> [Action item]: From the entries that follow, copy exactly the lines beginning at the line holding "doc.units = ezdxf.units.MM" and continuing through the line holding "doc.styles.add('Texto Wilian', font='himalaya.ttf')".

> [Records provided]:

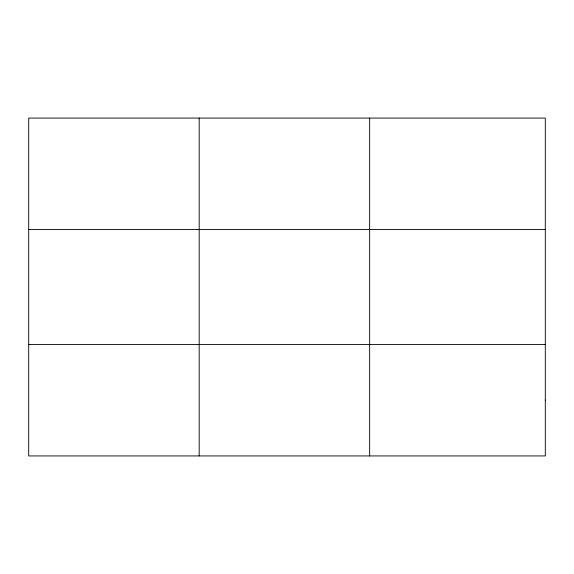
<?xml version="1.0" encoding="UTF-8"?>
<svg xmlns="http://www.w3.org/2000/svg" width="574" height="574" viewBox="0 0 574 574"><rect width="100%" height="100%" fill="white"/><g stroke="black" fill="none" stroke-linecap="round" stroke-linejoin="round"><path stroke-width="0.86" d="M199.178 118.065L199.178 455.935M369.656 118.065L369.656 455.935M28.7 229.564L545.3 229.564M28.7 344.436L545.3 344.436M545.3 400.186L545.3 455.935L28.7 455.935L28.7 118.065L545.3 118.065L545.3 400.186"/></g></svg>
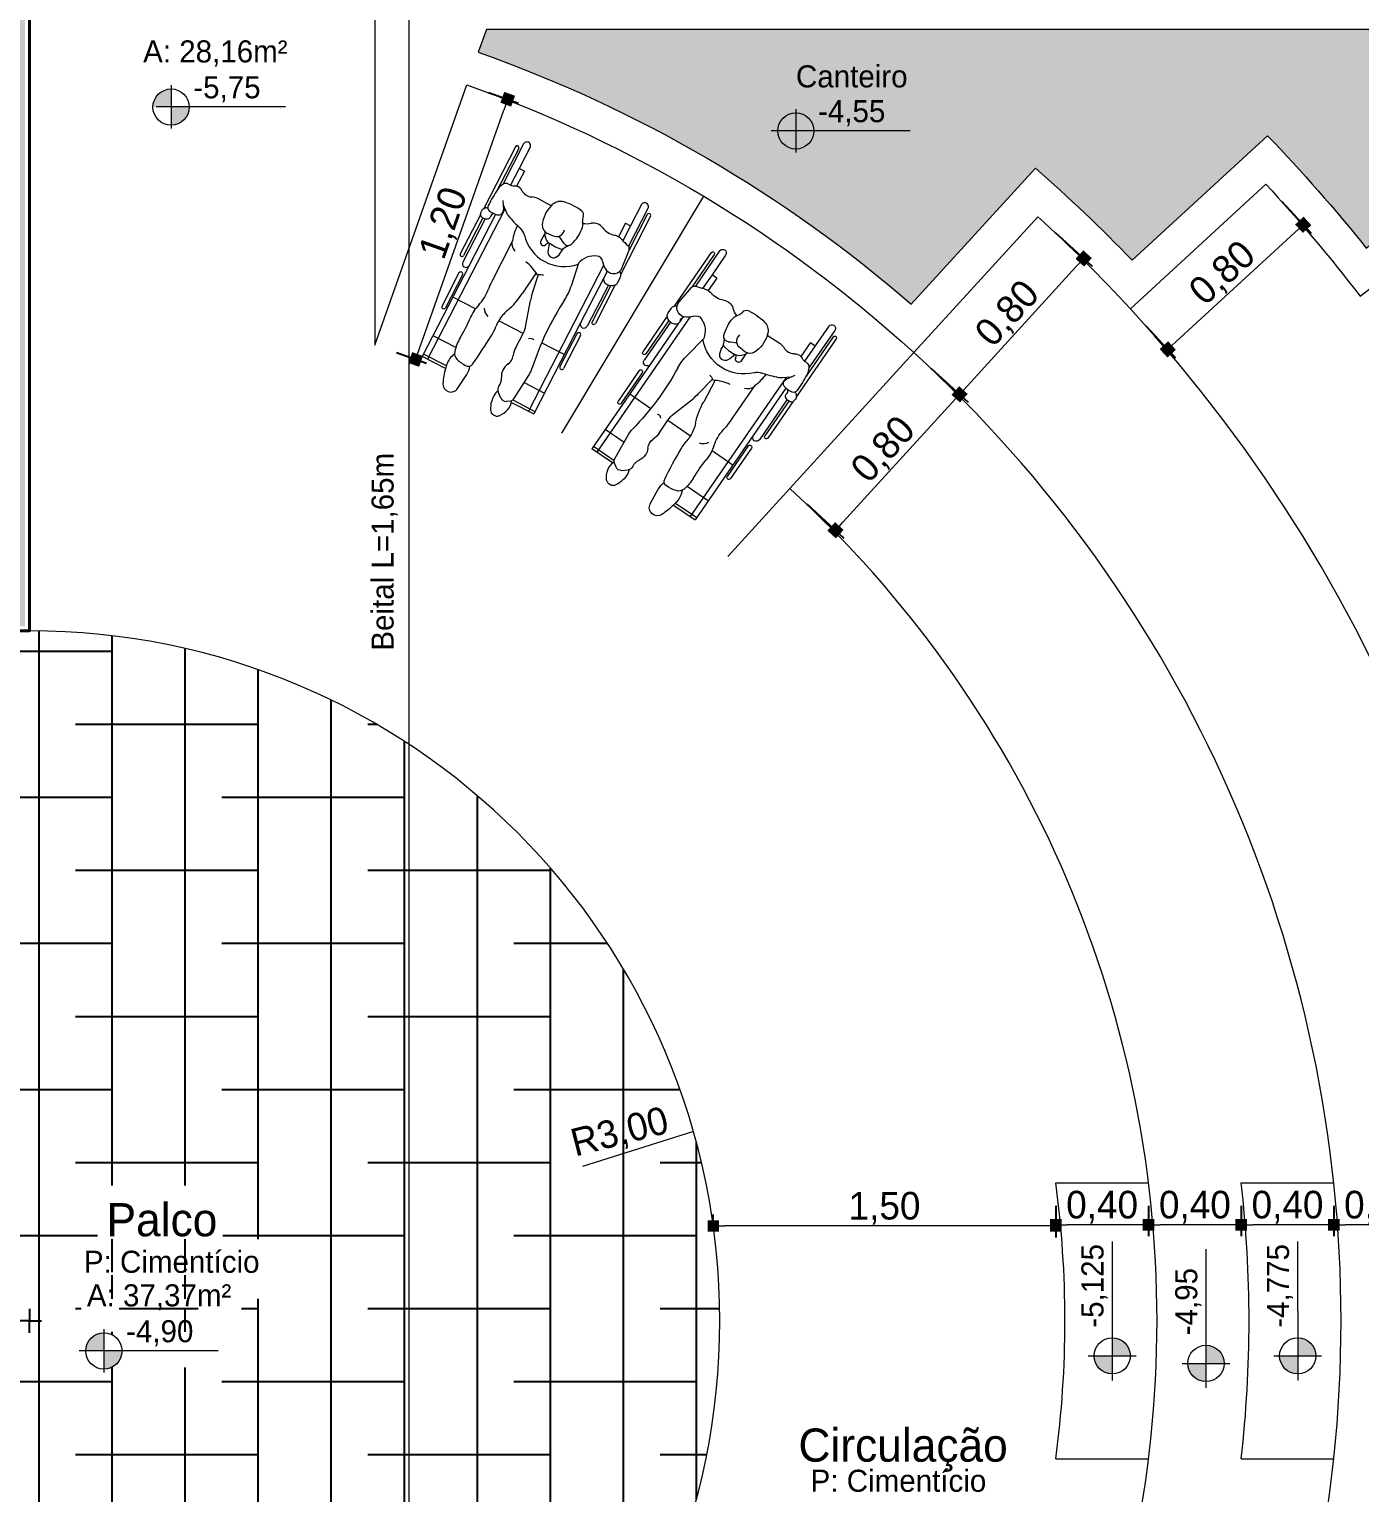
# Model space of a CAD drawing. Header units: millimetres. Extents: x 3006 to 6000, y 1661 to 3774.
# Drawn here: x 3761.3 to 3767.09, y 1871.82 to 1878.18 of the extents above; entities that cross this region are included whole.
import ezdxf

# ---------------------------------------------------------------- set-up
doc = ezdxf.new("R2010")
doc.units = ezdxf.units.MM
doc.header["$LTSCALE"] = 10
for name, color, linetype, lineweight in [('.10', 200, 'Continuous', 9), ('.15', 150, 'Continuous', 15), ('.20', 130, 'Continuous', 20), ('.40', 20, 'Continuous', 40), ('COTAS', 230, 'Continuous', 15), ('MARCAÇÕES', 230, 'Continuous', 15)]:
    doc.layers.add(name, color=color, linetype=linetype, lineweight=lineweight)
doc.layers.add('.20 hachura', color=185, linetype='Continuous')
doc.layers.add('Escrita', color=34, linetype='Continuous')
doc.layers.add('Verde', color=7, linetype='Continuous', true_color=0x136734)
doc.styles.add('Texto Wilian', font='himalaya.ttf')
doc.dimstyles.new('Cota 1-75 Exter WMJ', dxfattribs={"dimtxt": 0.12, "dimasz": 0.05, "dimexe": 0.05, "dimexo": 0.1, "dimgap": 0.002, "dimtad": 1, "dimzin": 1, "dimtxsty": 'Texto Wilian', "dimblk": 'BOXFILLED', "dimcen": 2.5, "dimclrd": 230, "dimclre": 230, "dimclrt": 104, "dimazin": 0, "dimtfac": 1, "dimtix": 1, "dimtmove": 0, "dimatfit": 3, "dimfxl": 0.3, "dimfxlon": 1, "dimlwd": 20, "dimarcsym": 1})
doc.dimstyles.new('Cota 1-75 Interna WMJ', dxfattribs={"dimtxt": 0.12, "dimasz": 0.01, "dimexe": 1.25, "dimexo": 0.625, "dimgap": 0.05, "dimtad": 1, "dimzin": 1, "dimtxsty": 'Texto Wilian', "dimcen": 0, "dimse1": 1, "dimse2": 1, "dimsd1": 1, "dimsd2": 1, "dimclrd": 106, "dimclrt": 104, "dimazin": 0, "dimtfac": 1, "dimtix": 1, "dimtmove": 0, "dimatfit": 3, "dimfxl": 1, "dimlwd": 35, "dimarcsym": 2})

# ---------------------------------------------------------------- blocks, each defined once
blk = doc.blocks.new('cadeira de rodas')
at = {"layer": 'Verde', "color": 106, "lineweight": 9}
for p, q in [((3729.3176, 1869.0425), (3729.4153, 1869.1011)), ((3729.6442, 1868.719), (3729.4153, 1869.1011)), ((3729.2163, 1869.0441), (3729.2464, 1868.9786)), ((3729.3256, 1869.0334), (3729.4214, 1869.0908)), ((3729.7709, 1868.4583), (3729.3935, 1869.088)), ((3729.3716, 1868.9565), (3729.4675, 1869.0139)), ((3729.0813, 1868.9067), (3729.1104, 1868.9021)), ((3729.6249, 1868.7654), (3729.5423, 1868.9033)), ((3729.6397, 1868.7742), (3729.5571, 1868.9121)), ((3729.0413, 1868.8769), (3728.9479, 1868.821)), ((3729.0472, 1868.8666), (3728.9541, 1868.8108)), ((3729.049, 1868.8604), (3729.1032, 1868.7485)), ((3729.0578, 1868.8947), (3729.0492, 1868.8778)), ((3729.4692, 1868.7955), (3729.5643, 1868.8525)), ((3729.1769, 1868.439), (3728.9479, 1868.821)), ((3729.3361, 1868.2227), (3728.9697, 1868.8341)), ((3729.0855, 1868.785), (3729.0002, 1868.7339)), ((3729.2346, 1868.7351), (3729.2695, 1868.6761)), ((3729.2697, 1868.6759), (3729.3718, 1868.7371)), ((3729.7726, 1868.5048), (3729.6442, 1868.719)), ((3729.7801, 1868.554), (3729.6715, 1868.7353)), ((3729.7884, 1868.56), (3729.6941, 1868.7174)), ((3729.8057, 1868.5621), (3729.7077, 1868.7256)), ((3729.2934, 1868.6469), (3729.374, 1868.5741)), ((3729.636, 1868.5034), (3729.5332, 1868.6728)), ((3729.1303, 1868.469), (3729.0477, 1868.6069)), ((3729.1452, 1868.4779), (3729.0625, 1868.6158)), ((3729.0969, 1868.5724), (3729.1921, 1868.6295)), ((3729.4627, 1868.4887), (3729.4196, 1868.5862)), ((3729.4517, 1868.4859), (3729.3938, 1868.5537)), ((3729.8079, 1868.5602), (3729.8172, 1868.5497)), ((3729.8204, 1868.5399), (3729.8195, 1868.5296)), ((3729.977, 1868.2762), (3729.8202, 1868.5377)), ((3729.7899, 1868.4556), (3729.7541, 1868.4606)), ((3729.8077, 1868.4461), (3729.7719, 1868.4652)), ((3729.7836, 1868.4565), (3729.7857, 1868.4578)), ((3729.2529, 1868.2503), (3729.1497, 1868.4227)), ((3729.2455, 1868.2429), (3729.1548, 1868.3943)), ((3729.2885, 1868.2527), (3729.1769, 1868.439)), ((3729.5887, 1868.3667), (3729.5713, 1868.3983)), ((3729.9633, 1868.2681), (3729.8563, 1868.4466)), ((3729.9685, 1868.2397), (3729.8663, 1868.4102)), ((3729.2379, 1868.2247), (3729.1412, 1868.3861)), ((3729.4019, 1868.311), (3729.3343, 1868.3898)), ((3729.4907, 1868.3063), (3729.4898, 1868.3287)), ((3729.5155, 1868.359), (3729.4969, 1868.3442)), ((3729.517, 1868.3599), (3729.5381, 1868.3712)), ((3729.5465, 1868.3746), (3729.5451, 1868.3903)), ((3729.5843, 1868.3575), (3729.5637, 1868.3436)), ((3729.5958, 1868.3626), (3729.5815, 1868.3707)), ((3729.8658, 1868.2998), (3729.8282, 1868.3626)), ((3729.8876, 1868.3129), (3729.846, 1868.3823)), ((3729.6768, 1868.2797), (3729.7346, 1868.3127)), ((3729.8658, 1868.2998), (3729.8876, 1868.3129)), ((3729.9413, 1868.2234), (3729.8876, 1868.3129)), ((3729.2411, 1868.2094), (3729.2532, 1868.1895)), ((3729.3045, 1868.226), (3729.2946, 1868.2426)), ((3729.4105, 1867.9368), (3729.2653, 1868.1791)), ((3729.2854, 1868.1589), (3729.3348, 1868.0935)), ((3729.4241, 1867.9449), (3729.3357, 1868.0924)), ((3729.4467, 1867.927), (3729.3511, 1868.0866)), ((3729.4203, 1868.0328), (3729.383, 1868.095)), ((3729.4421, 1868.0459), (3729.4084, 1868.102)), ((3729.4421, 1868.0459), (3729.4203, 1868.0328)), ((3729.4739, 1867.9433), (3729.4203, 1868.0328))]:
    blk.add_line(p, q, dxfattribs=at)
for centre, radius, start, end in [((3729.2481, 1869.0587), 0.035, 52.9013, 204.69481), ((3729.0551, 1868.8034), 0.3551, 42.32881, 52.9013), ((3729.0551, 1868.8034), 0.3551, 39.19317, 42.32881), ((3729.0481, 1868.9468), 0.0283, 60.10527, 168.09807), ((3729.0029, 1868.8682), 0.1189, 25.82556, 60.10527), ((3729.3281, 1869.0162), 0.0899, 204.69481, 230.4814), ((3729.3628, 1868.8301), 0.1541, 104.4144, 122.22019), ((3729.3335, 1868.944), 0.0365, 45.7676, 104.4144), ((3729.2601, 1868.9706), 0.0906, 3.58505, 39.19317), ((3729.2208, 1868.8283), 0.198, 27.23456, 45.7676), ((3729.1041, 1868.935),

> [Answer section]:
doc.units = ezdxf.units.MM
doc.header["$LTSCALE"] = 10
for name, color, linetype, lineweight in [('.10', 200, 'Continuous', 9), ('.15', 150, 'Continuous', 15), ('.20', 130, 'Continuous', 20), ('.40', 20, 'Continuous', 40), ('COTAS', 230, 'Continuous', 15), ('MARCAÇÕES', 230, 'Continuous', 15)]:
    doc.layers.add(name, color=color, linetype=linetype, lineweight=lineweight)
doc.layers.add('.20 hachura', color=185, linetype='Continuous')
doc.layers.add('Escrita', color=34, linetype='Continuous')
doc.layers.add('Verde', color=7, linetype='Continuous', true_color=0x136734)
doc.styles.add('Texto Wilian', font='himalaya.ttf')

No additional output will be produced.